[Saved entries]
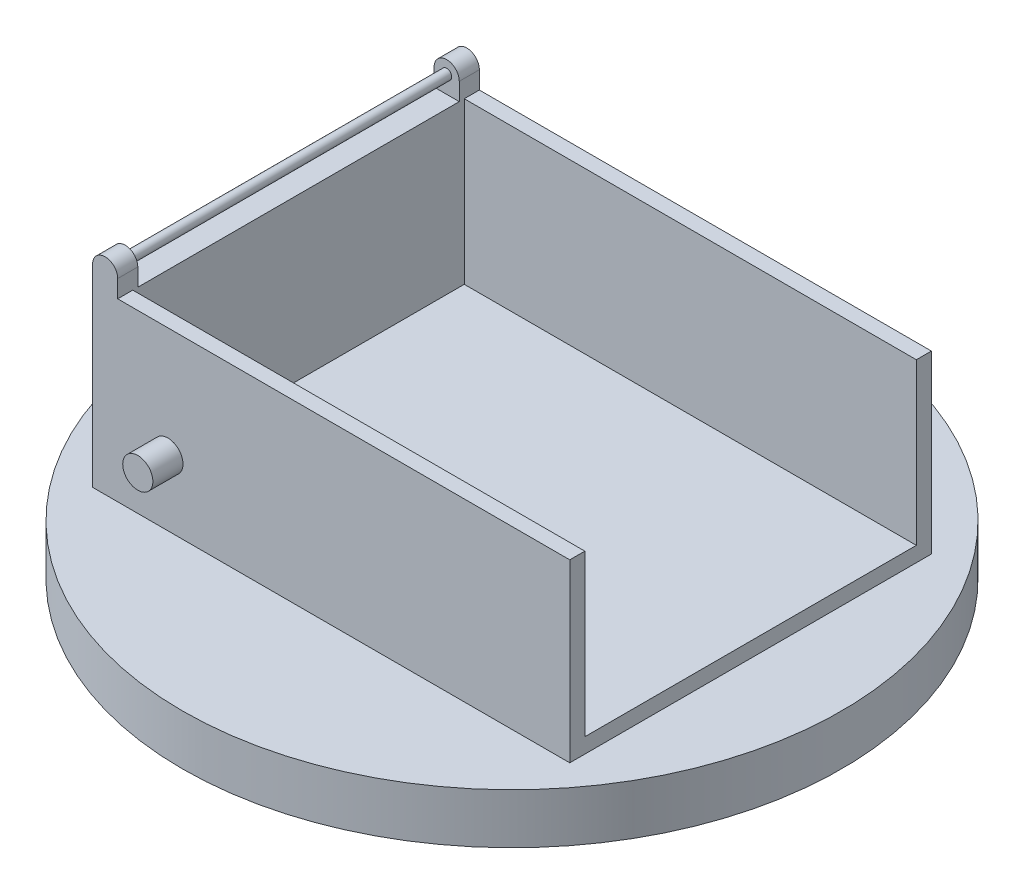
ISO-10303-21;
HEADER;
FILE_DESCRIPTION(('STEP AP214'),'2;1');
FILE_NAME('part.step','',(''),(''),'','','');
FILE_SCHEMA(('AUTOMOTIVE_DESIGN { 1 0 10303 214 1 1 1 1 }'));
ENDSEC;
DATA;
#1=APPLICATION_CONTEXT('core data for automotive mechanical design processes');
#2=APPLICATION_PROTOCOL_DEFINITION('international standard','automotive_design',2000,#1);
#3=PRODUCT_CONTEXT('',#1,'mechanical');
#4=PRODUCT('Part','Part','',(#3));
#5=PRODUCT_RELATED_PRODUCT_CATEGORY('part','',(#4));
#6=PRODUCT_DEFINITION_FORMATION('','',#4);
#7=PRODUCT_DEFINITION_CONTEXT('part definition',#1,'design');
#8=PRODUCT_DEFINITION('design','',#6,#7);
#9=PRODUCT_DEFINITION_SHAPE('','',#8);
#10=(LENGTH_UNIT() NAMED_UNIT(*) SI_UNIT(.MILLI.,.METRE.));
#11=(NAMED_UNIT(*) PLANE_ANGLE_UNIT() SI_UNIT($,.RADIAN.));
#12=(NAMED_UNIT(*) SI_UNIT($,.STERADIAN.) SOLID_ANGLE_UNIT());
#13=UNCERTAINTY_MEASURE_WITH_UNIT(LENGTH_MEASURE(1.E-05),#10,'distance_accuracy_value','');
#14=(GEOMETRIC_REPRESENTATION_CONTEXT(3) GLOBAL_UNCERTAINTY_ASSIGNED_CONTEXT((#13)) GLOBAL_UNIT_ASSIGNED_CONTEXT((#10,
#11,#12)) REPRESENTATION_CONTEXT('',''));
#15=CARTESIAN_POINT('',(0.,0.,0.));
#16=DIRECTION('',(0.,0.,1.));
#17=DIRECTION('',(1.,0.,0.));
#18=AXIS2_PLACEMENT_3D('',#15,#16,#17);
#19=CARTESIAN_POINT('',(0.,35.,0.));
#20=DIRECTION('',(0.,-1.,0.));
#21=DIRECTION('',(0.,0.,-1.));
#22=AXIS2_PLACEMENT_3D('',#19,#20,#21);
#23=PLANE('',#22);
#24=DIRECTION('',(0.,0.,-1.));
#25=VECTOR('',#24,1.);
#26=CARTESIAN_POINT('',(-42.5,35.,-32.));
#27=LINE('',#26,#25);
#28=CARTESIAN_POINT('',(-42.5,35.,-33.));
#29=VERTEX_POINT('',#28);
#30=CARTESIAN_POINT('',(-42.5,35.,-36.));
#31=VERTEX_POINT('',#30);
#32=EDGE_CURVE('E206',#29,#31,#27,.T.);
#33=ORIENTED_EDGE('',*,*,#32,.F.);
#34=DIRECTION('',(-1.,0.,0.));
#35=VECTOR('',#34,1.);
#36=CARTESIAN_POINT('',(-42.5,35.,-33.));
#37=LINE('',#36,#35);
#38=CARTESIAN_POINT('',(47.5,35.,-33.));
#39=VERTEX_POINT('',#38);
#40=EDGE_CURVE('E246',#39,#29,#37,.T.);
#41=ORIENTED_EDGE('',*,*,#40,.F.);
#42=DIRECTION('',(0.,0.,-1.));
#43=VECTOR('',#42,1.);
#44=CARTESIAN_POINT('',(47.5,35.,36.));
#45=LINE('',#44,#43);
#46=CARTESIAN_POINT('',(47.5,35.,-36.));
#47=VERTEX_POINT('',#46);
#48=EDGE_CURVE('E175',#39,#47,#45,.T.);
#49=ORIENTED_EDGE('',*,*,#48,.T.);
#50=DIRECTION('',(-1.,0.,0.));
#51=VECTOR('',#50,1.);
#52=CARTESIAN_POINT('',(-47.5,35.,-36.));
#53=LINE('',#52,#51);
#54=EDGE_CURVE('E155',#47,#31,#53,.T.);
#55=ORIENTED_EDGE('',*,*,#54,.T.);
#56=EDGE_LOOP('',(#33,#41,#49,#55));
#57=FACE_BOUND('',#56,.T.);
#58=ADVANCED_FACE('F35',(#57),#23,.F.);
#59=DIRECTION('',(1.,0.,0.));
#60=VECTOR('',#59,1.);
#61=CARTESIAN_POINT('',(-47.5,35.,-32.));
#62=LINE('',#61,#60);
#63=CARTESIAN_POINT('',(-47.5,35.,-32.));
#64=VERTEX_POINT('',#63);
#65=CARTESIAN_POINT('',(-42.5,35.,-32.));
#66=VERTEX_POINT('',#65);
#67=EDGE_CURVE('E52',#64,#66,#62,.T.);
#68=ORIENTED_EDGE('',*,*,#67,.F.);
#69=DIRECTION('',(0.,0.,1.));
#70=VECTOR('',#69,1.);
#71=CARTESIAN_POINT('',(-47.5,35.,36.));
#72=LINE('',#71,#70);
#73=CARTESIAN_POINT('',(-47.5,35.,32.));
#74=VERTEX_POINT('',#73);
#75=EDGE_CURVE('E269',#64,#74,#72,.T.);
#76=ORIENTED_EDGE('',*,*,#75,.T.);
#77=DIRECTION('',(1.,0.,0.));
#78=VECTOR('',#77,1.);
#79=CARTESIAN_POINT('',(-47.5,35.,32.));
#80=LINE('',#79,#78);
#81=CARTESIAN_POINT('',(-42.5,35.,32.));
#82=VERTEX_POINT('',#81);
#83=EDGE_CURVE('E210',#74,#82,#80,.T.);
#84=ORIENTED_EDGE('',*,*,#83,.T.);
#85=DIRECTION('',(0.,0.,1.));
#86=VECTOR('',#85,1.);
#87=CARTESIAN_POINT('',(-42.5,35.,33.));
#88=LINE('',#87,#86);
#89=EDGE_CURVE('E241',#66,#82,#88,.T.);
#90=ORIENTED_EDGE('',*,*,#89,.F.);
#91=EDGE_LOOP('',(#68,#76,#84,#90));
#92=FACE_BOUND('',#91,.T.);
#93=ADVANCED_FACE('F294',(#92),#23,.F.);
#94=CARTESIAN_POINT('',(47.5,35.,36.));
#95=DIRECTION('',(-1.,0.,0.));
#96=DIRECTION('',(0.,0.,1.));
#97=AXIS2_PLACEMENT_3D('',#94,#95,#96);
#98=PLANE('',#97);
#99=ORIENTED_EDGE('',*,*,#48,.F.);
#100=DIRECTION('',(0.,1.,0.));
#101=VECTOR('',#100,1.);
#102=CARTESIAN_POINT('',(47.5,3.,-33.));
#103=LINE('',#102,#101);
#104=CARTESIAN_POINT('',(47.5,3.,-33.));
#105=VERTEX_POINT('',#104);
#106=EDGE_CURVE('E166',#105,#39,#103,.T.);
#107=ORIENTED_EDGE('',*,*,#106,.F.);
#108=DIRECTION('',(0.,0.,-1.));
#109=VECTOR('',#108,1.);
#110=CARTESIAN_POINT('',(47.5,3.,33.));
#111=LINE('',#110,#109);
#112=CARTESIAN_POINT('',(47.5,3.,33.));
#113=VERTEX_POINT('',#112);
#114=EDGE_CURVE('E249',#113,#105,#111,.T.);
#115=ORIENTED_EDGE('',*,*,#114,.F.);
#116=DIRECTION('',(0.,1.,0.));
#117=VECTOR('',#116,1.);
#118=CARTESIAN_POINT('',(47.5,3.,33.));
#119=LINE('',#118,#117);
#120=CARTESIAN_POINT('',(47.5,35.,33.));
#121=VERTEX_POINT('',#120);
#122=EDGE_CURVE('E261',#113,#121,#119,.T.);
#123=ORIENTED_EDGE('',*,*,#122,.T.);
#124=CARTESIAN_POINT('',(47.5,35.,36.));
#125=VERTEX_POINT('',#124);
#126=EDGE_CURVE('E266',#125,#121,#45,.T.);
#127=ORIENTED_EDGE('',*,*,#126,.F.);
#128=DIRECTION('',(0.,-1.,0.));
#129=VECTOR('',#128,1.);
#130=CARTESIAN_POINT('',(47.5,35.,36.));
#131=LINE('',#130,#129);
#132=CARTESIAN_POINT('',(47.5,0.,36.));
#133=VERTEX_POINT('',#132);
#134=EDGE_CURVE('E162',#125,#133,#131,.T.);
#135=ORIENTED_EDGE('',*,*,#134,.T.);
#136=DIRECTION('',(0.,0.,-1.));
#137=VECTOR('',#136,1.);
#138=CARTESIAN_POINT('',(47.5,0.,36.));
#139=LINE('',#138,#137);
#140=CARTESIAN_POINT('',(47.5,0.,-36.));
#141=VERTEX_POINT('',#140);
#142=EDGE_CURVE('E142',#133,#141,#139,.T.);
#143=ORIENTED_EDGE('',*,*,#142,.T.);
#144=DIRECTION('',(0.,-1.,0.));
#145=VECTOR('',#144,1.);
#146=CARTESIAN_POINT('',(47.5,35.,-36.));
#147=LINE('',#146,#145);
#148=EDGE_CURVE('E151',#47,#141,#147,.T.);
#149=ORIENTED_EDGE('',*,*,#148,.F.);
#150=EDGE_LOOP('',(#99,#107,#115,#123,#127,#135,#143,#149));
#151=FACE_BOUND('',#150,.T.);
#152=ADVANCED_FACE('F37',(#151),#98,.F.);
#153=CARTESIAN_POINT('',(-47.5,35.,-36.));
#154=DIRECTION('',(0.,0.,1.));
#155=DIRECTION('',(1.,0.,0.));
#156=AXIS2_PLACEMENT_3D('',#153,#154,#155);
#157=PLANE('',#156);
#158=CARTESIAN_POINT('',(-32.5,13.,-36.));
#159=DIRECTION('',(0.,0.,1.));
#160=DIRECTION('',(1.,0.,0.));
#161=AXIS2_PLACEMENT_3D('',#158,#159,#160);
#162=CIRCLE('',#161,3.);
#163=CARTESIAN_POINT('',(-29.5,13.,-36.));
#164=VERTEX_POINT('',#163);
#165=EDGE_CURVE('E230',#164,#164,#162,.T.);
#166=ORIENTED_EDGE('',*,*,#165,.T.);
#167=EDGE_LOOP('',(#166));
#168=FACE_BOUND('',#167,.T.);
#169=DIRECTION('',(-1.,0.,0.));
#170=VECTOR('',#169,1.);
#171=CARTESIAN_POINT('',(-47.5,0.,-36.));
#172=LINE('',#171,#170);
#173=CARTESIAN_POINT('',(-47.5,0.,-36.));
#174=VERTEX_POINT('',#173);
#175=EDGE_CURVE('E137',#141,#174,#172,.T.);
#176=ORIENTED_EDGE('',*,*,#175,.T.);
#177=DIRECTION('',(0.,-1.,0.));
#178=VECTOR('',#177,1.);
#179=CARTESIAN_POINT('',(-47.5,35.,-36.));
#180=LINE('',#179,#178);
#181=CARTESIAN_POINT('',(-47.5,38.5,-36.));
#182=VERTEX_POINT('',#181);
#183=EDGE_CURVE('E158',#182,#174,#180,.T.);
#184=ORIENTED_EDGE('',*,*,#183,.F.);
#185=CARTESIAN_POINT('',(-45.,38.5,-36.));
#186=DIRECTION('',(0.,0.,1.));
#187=DIRECTION('',(1.,0.,0.));
#188=AXIS2_PLACEMENT_3D('',#185,#186,#187);
#189=CIRCLE('',#188,2.5);
#190=CARTESIAN_POINT('',(-42.5,38.5,-36.));
#191=VERTEX_POINT('',#190);
#192=EDGE_CURVE('E188',#191,#182,#189,.T.);
#193=ORIENTED_EDGE('',*,*,#192,.F.);
#194=DIRECTION('',(0.,1.,0.));
#195=VECTOR('',#194,1.);
#196=CARTESIAN_POINT('',(-42.5,35.,-36.));
#197=LINE('',#196,#195);
#198=EDGE_CURVE('E195',#31,#191,#197,.T.);
#199=ORIENTED_EDGE('',*,*,#198,.F.);
#200=ORIENTED_EDGE('',*,*,#54,.F.);
#201=ORIENTED_EDGE('',*,*,#148,.T.);
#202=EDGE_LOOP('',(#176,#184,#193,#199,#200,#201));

### [INSTRUCTIONS FOR THE TASK]
Give again the closing portion of the entries, from the line with "#198=EDGE_CURVE('E195',#31,#191,#197,.T.);" through the last line. Keep it exact and add nothing.

### [RESPONSE TO THE EXERCISE]
#198=EDGE_CURVE('E195',#31,#191,#197,.T.);
#199=ORIENTED_EDGE('',*,*,#198,.F.);
#200=ORIENTED_EDGE('',*,*,#54,.F.);
#201=ORIENTED_EDGE('',*,*,#148,.T.);
#202=EDGE_LOOP('',(#176,#184,#193,#199,#200,#201));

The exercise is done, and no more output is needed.